+1 to move to Gradle.

I think the biggest benefit of moving to Gradle is that it will lead to
more contributions.

People will no longer have to fight to get the code to import into an IDE
(i.e. IntelliJ), compile and successfully run tests.
I've just got a new laptop and it took me too long to get JMeter just to
import and compile in IntelliJ, there were at least 5 different,
non-standard steps to get it to work.

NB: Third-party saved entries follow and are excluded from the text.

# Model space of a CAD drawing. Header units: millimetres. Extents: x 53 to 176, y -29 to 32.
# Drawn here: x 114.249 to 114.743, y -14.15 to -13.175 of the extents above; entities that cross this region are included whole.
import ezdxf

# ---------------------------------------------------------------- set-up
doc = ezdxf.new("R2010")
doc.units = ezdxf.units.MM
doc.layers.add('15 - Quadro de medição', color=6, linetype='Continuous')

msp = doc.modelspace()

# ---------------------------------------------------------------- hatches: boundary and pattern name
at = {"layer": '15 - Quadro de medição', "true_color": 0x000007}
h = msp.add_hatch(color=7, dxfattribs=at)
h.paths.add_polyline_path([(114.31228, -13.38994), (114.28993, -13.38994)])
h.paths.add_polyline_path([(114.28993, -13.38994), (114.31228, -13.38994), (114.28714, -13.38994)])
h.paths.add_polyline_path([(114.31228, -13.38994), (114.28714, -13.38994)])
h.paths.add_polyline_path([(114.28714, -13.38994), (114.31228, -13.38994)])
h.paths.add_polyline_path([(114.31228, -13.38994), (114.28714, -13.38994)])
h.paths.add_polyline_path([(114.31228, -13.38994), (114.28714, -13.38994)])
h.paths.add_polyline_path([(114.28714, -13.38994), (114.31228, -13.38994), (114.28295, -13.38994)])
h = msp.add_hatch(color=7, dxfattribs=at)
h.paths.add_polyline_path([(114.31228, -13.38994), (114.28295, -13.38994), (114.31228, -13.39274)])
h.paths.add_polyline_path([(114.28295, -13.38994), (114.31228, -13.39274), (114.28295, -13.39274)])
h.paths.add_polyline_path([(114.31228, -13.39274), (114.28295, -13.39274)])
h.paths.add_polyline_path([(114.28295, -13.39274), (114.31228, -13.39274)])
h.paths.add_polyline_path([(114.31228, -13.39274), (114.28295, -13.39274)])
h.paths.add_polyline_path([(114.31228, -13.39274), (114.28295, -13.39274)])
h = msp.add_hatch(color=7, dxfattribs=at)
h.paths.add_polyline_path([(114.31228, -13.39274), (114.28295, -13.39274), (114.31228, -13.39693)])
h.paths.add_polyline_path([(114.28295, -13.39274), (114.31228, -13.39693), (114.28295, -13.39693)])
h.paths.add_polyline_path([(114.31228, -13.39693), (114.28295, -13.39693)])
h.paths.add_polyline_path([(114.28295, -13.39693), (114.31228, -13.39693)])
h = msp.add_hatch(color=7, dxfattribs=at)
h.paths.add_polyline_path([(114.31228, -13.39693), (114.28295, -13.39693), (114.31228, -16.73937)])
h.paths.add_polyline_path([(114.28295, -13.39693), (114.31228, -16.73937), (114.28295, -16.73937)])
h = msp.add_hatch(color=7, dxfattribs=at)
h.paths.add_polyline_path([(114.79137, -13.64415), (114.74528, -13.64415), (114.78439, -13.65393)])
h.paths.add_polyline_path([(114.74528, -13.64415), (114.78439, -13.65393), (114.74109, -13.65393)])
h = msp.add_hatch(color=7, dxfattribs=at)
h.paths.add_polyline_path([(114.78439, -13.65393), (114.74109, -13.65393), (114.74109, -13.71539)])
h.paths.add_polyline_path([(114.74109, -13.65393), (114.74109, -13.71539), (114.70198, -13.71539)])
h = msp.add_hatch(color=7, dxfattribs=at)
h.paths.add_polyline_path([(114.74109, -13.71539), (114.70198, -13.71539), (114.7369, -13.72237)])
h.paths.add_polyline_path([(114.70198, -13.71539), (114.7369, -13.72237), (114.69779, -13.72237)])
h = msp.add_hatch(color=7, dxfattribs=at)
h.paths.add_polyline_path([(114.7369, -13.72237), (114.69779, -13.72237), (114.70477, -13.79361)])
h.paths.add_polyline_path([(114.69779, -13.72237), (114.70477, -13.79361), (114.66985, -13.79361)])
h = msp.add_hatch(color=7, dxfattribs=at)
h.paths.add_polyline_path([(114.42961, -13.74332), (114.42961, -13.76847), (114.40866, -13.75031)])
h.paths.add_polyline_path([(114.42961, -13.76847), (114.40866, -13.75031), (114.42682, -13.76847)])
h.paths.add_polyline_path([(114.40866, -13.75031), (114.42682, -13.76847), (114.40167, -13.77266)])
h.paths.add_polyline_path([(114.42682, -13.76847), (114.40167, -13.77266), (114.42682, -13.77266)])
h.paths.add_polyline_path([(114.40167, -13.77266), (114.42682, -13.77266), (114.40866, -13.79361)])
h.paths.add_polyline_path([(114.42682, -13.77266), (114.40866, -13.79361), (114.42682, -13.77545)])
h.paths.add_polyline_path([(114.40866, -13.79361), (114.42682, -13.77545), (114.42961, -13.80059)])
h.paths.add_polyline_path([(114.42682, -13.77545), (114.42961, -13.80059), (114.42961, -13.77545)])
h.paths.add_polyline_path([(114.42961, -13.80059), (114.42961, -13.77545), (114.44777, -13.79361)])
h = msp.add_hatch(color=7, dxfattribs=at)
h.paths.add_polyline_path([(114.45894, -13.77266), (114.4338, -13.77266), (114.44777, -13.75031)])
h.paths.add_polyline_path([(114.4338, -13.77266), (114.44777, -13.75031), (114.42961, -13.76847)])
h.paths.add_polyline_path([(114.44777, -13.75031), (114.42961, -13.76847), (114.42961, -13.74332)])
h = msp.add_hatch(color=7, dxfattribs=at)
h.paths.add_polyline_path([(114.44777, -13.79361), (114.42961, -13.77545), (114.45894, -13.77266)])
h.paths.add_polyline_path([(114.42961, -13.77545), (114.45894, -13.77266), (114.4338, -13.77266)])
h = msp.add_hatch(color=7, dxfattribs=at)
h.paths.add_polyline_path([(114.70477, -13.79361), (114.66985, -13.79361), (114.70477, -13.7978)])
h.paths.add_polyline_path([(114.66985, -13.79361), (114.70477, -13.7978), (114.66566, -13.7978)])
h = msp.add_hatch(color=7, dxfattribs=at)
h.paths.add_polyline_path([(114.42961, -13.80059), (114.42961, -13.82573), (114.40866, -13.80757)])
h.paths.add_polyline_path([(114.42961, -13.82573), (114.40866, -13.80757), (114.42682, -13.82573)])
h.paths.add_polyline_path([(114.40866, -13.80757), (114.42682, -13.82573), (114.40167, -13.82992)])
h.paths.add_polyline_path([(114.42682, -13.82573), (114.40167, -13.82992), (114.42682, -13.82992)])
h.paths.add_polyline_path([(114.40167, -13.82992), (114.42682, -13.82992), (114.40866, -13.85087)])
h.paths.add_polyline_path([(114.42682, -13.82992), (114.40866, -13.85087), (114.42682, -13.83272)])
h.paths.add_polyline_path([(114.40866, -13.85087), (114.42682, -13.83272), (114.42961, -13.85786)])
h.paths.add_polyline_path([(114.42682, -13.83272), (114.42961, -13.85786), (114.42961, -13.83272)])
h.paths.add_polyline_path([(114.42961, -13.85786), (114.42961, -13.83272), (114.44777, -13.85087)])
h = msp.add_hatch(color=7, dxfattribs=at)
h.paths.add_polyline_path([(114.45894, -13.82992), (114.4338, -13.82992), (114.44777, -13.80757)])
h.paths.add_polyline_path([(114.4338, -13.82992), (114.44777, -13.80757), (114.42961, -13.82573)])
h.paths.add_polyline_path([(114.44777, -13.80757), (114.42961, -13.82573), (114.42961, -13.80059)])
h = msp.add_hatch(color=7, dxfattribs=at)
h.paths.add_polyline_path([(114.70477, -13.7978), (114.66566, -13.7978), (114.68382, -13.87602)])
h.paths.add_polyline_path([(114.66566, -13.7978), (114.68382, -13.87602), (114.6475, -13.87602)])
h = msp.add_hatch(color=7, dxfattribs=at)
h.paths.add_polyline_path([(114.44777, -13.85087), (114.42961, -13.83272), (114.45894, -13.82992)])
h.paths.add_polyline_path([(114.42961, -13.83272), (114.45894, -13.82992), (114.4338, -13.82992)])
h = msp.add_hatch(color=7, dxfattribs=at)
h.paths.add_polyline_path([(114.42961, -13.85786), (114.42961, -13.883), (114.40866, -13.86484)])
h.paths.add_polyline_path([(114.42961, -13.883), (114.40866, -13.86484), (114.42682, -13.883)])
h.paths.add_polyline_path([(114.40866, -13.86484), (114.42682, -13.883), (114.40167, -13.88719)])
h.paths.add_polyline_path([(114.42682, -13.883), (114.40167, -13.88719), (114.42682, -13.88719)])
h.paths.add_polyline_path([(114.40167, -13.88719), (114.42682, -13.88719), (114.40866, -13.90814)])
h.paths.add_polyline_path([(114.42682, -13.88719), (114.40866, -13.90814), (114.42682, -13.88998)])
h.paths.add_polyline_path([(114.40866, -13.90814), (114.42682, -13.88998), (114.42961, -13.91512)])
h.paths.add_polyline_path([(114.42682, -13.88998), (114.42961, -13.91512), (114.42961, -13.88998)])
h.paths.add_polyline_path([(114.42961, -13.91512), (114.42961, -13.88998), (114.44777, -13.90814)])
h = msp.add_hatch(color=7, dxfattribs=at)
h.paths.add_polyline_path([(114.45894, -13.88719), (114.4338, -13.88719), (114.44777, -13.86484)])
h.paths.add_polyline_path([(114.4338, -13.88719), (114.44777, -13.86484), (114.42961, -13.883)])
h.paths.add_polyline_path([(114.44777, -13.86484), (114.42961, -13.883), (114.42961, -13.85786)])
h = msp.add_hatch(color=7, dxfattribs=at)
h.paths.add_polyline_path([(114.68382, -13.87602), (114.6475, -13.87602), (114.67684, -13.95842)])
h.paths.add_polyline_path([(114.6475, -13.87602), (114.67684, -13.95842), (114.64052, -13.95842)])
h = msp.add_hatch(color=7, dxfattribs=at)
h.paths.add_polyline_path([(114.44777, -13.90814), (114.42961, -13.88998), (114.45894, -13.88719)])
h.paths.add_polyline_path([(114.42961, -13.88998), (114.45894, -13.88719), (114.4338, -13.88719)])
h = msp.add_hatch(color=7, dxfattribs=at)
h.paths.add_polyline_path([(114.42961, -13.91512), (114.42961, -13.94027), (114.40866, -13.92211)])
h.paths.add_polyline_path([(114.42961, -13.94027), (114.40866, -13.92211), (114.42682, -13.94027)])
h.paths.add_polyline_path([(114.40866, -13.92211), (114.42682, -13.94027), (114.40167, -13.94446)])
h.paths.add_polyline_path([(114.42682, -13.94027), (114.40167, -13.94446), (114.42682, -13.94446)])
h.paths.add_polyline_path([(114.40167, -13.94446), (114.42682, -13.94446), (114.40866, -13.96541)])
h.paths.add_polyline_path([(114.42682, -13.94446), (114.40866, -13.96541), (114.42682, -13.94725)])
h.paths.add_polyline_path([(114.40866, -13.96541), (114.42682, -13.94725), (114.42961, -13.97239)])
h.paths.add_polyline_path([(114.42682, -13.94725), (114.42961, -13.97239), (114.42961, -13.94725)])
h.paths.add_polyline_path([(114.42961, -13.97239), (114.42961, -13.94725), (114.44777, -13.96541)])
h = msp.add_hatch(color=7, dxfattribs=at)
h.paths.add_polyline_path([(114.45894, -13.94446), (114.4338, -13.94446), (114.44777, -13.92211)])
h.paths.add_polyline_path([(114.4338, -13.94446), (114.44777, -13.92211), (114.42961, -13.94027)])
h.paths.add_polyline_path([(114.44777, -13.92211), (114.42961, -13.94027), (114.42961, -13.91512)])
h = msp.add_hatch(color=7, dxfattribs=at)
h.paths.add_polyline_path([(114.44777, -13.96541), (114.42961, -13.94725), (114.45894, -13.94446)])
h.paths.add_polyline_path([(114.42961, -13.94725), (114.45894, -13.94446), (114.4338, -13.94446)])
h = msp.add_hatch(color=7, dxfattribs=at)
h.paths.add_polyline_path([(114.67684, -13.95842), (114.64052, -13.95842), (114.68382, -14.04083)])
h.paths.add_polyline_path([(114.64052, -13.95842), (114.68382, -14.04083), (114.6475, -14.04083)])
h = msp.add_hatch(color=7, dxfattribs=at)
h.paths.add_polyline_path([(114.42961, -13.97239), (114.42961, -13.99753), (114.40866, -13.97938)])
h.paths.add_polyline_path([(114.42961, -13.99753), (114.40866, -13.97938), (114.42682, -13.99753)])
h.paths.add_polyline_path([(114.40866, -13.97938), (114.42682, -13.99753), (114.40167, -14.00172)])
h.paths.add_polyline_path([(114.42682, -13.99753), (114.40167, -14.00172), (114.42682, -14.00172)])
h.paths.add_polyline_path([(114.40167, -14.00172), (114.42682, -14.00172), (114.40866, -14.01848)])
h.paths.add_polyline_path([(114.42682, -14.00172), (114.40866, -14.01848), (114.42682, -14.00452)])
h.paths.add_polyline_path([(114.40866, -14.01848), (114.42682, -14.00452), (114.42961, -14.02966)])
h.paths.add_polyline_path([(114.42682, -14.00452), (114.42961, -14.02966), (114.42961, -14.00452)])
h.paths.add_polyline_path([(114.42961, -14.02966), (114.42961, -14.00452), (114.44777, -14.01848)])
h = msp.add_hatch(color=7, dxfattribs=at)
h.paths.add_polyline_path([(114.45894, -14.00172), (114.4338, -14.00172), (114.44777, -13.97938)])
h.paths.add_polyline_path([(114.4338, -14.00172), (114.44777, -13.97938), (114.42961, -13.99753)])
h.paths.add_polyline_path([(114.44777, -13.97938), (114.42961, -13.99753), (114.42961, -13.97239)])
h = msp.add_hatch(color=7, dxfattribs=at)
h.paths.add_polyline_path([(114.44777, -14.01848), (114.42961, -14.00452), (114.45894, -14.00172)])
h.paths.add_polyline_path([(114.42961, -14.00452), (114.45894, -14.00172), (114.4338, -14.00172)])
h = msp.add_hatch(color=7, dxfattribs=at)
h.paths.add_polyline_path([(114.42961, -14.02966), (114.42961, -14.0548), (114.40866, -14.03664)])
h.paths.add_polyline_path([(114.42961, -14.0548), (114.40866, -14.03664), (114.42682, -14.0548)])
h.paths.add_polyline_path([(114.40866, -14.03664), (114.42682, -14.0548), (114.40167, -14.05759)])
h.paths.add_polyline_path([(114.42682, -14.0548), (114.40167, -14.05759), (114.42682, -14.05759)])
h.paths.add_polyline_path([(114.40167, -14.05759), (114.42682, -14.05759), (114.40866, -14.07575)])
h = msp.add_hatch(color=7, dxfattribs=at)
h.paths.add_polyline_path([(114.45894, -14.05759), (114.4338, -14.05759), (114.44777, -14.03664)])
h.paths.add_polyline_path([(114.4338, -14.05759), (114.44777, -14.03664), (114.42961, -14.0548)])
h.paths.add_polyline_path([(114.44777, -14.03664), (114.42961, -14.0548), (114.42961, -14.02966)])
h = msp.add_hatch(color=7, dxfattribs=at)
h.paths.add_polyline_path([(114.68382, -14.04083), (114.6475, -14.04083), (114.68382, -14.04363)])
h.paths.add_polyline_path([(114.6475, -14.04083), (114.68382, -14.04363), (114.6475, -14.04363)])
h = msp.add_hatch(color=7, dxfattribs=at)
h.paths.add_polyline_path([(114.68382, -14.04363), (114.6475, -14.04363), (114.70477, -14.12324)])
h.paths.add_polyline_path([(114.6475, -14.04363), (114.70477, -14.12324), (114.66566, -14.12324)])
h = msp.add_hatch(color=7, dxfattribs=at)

One of them was manually including
JavaFx as it's no longer part of OpenJDK and not download as part of ant
download_jars.

The other benefit is that it should improve the speed at which we can
build, test and therefore make changes.

I think, regardless if we move to Gradle, that a few people with a good
knowledge of ant and our current build.xml should make it easier to
understand and optimise it:
1. comment anything which might not be obvious to someone new to ant and
2. remove (or simplify) anything which is no longer required

We could switch JMeter to Gradle right now by using
https://docs.gradle.org/current/userguide/ant.html
e.g. using a build.gradle file with

ant.importBuild("build.xml")
ant.lifecycleLogLevel = AntBuilder.AntMessagePriority.INFO

Then start to move the actions into the Gradle file, although it seems
things are too interconnected for this to be an easy job.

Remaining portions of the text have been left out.